• What the task asks
Starting with the line that contains "normal blind 2.9", copy every remaining line of the data below exactly, the last one included.

• Exercise material
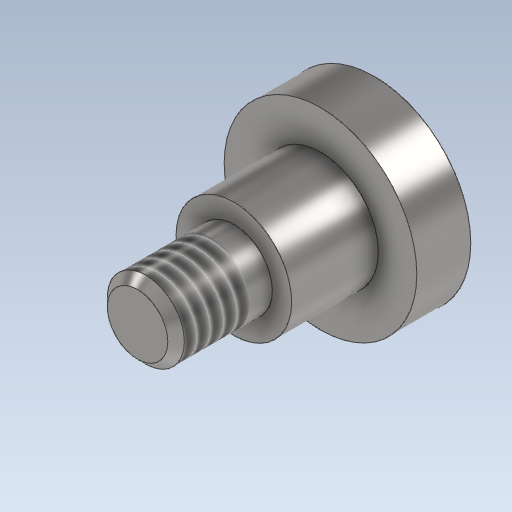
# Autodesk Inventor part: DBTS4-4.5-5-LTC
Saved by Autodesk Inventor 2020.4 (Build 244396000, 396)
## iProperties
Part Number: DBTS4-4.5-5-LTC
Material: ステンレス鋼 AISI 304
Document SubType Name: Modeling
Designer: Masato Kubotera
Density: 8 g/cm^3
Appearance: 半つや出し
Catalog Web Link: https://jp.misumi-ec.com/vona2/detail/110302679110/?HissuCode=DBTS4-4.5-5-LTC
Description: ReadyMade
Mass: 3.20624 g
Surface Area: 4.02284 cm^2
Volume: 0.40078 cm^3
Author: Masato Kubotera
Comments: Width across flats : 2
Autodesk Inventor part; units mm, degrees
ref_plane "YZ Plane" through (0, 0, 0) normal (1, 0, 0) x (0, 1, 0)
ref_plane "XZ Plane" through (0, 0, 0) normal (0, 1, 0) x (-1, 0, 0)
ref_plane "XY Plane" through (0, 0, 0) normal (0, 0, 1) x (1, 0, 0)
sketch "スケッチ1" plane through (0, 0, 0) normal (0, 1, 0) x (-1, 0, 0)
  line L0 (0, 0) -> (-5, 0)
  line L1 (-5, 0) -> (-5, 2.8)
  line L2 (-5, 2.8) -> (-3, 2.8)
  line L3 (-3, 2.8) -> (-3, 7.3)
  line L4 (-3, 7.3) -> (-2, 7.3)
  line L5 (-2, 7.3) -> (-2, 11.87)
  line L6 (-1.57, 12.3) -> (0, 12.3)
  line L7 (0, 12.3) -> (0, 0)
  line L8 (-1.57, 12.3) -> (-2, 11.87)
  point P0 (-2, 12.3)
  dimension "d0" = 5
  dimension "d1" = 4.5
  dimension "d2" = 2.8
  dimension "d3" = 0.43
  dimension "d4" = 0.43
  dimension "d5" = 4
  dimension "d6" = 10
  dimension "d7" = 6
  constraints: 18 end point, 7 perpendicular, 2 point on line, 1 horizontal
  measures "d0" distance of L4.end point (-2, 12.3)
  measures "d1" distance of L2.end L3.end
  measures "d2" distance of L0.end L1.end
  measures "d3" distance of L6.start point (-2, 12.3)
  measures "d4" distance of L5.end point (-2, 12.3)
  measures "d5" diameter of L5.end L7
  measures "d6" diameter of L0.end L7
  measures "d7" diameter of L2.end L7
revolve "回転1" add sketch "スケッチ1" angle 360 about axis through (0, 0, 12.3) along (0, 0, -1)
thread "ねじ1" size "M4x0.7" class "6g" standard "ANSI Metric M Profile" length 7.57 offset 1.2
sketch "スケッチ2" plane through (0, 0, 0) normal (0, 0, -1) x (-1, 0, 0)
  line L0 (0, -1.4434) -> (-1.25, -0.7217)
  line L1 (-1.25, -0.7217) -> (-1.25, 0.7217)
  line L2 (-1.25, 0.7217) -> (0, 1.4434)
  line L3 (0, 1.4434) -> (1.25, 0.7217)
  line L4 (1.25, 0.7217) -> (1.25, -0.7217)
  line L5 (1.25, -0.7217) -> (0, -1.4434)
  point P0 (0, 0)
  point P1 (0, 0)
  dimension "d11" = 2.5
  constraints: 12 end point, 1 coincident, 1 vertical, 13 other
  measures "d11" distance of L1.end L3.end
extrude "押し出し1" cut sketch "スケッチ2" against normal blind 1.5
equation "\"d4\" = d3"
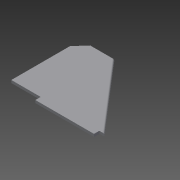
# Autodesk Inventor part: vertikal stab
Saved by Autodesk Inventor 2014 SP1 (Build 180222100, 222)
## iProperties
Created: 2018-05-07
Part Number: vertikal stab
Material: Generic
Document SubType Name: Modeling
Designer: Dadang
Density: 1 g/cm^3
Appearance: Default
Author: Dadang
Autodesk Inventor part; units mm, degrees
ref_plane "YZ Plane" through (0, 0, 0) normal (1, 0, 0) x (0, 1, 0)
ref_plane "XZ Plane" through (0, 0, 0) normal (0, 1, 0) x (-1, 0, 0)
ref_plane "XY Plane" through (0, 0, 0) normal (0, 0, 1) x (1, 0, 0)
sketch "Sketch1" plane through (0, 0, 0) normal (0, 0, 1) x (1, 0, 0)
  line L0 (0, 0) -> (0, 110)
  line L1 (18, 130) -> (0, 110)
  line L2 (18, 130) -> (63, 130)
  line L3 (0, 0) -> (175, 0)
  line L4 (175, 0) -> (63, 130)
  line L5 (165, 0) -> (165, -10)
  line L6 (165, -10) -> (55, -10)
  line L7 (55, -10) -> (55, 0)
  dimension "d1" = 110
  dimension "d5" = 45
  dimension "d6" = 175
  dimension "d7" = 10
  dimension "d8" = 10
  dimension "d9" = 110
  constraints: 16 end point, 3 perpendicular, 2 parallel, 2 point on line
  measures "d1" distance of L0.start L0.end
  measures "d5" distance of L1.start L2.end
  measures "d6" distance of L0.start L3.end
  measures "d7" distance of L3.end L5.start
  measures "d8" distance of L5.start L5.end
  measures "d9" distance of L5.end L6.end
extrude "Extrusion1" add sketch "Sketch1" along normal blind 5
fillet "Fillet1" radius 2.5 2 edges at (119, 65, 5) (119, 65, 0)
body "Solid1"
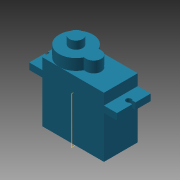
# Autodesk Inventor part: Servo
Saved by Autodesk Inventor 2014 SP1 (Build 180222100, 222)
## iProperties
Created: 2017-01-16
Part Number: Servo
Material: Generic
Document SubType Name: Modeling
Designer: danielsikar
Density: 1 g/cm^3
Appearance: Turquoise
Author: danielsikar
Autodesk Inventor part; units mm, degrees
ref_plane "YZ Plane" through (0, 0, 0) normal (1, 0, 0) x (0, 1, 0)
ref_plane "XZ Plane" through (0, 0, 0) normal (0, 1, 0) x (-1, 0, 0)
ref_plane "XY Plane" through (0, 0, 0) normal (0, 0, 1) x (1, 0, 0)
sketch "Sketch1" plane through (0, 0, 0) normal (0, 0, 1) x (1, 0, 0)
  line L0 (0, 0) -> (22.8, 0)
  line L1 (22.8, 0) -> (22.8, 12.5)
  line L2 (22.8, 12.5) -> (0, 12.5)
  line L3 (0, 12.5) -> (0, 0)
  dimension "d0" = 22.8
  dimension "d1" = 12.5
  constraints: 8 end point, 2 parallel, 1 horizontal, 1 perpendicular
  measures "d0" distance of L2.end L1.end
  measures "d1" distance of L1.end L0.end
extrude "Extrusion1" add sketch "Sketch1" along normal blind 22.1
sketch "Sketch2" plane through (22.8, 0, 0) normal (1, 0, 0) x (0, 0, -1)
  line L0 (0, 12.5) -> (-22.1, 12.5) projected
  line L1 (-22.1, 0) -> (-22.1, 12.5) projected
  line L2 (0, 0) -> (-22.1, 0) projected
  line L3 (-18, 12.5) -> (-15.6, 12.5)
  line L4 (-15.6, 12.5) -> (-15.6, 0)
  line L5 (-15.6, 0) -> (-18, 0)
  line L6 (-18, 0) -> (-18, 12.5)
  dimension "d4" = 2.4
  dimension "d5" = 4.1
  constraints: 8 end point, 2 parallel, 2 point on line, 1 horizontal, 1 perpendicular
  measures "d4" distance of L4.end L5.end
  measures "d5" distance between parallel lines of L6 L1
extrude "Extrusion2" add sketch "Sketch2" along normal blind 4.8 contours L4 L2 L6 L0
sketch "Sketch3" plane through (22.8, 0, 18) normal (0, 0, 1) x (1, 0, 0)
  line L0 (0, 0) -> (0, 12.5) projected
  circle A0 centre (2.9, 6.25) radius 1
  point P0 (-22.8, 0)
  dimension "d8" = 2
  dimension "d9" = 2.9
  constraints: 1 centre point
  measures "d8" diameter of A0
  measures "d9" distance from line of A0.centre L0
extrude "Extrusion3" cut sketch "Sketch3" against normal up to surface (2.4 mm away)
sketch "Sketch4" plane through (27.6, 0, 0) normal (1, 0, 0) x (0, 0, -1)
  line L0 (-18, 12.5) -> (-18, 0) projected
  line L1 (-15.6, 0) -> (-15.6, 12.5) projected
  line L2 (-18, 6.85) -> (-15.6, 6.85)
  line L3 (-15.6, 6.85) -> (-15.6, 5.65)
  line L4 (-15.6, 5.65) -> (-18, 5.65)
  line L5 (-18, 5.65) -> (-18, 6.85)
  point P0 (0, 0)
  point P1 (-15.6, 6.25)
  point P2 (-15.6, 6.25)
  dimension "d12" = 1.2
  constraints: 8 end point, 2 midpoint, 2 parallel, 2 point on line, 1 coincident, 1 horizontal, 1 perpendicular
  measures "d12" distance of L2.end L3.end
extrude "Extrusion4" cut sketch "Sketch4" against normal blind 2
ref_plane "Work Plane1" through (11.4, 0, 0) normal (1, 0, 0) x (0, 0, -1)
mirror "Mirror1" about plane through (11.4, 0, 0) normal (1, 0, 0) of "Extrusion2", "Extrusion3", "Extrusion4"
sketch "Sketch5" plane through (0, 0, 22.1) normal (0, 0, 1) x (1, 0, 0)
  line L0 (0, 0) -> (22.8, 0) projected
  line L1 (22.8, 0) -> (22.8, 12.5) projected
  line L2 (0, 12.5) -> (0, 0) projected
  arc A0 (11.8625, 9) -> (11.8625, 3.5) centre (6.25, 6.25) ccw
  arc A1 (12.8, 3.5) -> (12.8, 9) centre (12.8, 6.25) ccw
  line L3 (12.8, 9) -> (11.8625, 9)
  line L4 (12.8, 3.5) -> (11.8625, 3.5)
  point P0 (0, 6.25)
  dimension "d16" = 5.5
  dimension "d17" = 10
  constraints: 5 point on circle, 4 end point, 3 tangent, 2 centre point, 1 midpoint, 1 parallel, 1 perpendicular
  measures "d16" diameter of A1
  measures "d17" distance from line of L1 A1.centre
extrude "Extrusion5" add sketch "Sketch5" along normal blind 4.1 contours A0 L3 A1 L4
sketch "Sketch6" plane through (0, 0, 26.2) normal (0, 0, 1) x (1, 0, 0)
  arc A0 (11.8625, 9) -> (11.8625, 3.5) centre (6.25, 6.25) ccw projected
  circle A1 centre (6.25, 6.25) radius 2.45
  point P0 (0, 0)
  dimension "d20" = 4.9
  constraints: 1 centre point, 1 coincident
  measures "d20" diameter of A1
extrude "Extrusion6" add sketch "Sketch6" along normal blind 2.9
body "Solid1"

• Your solution
extrude "Extrusion6" add sketch "Sketch6" along normal blind 2.9
body "Solid1"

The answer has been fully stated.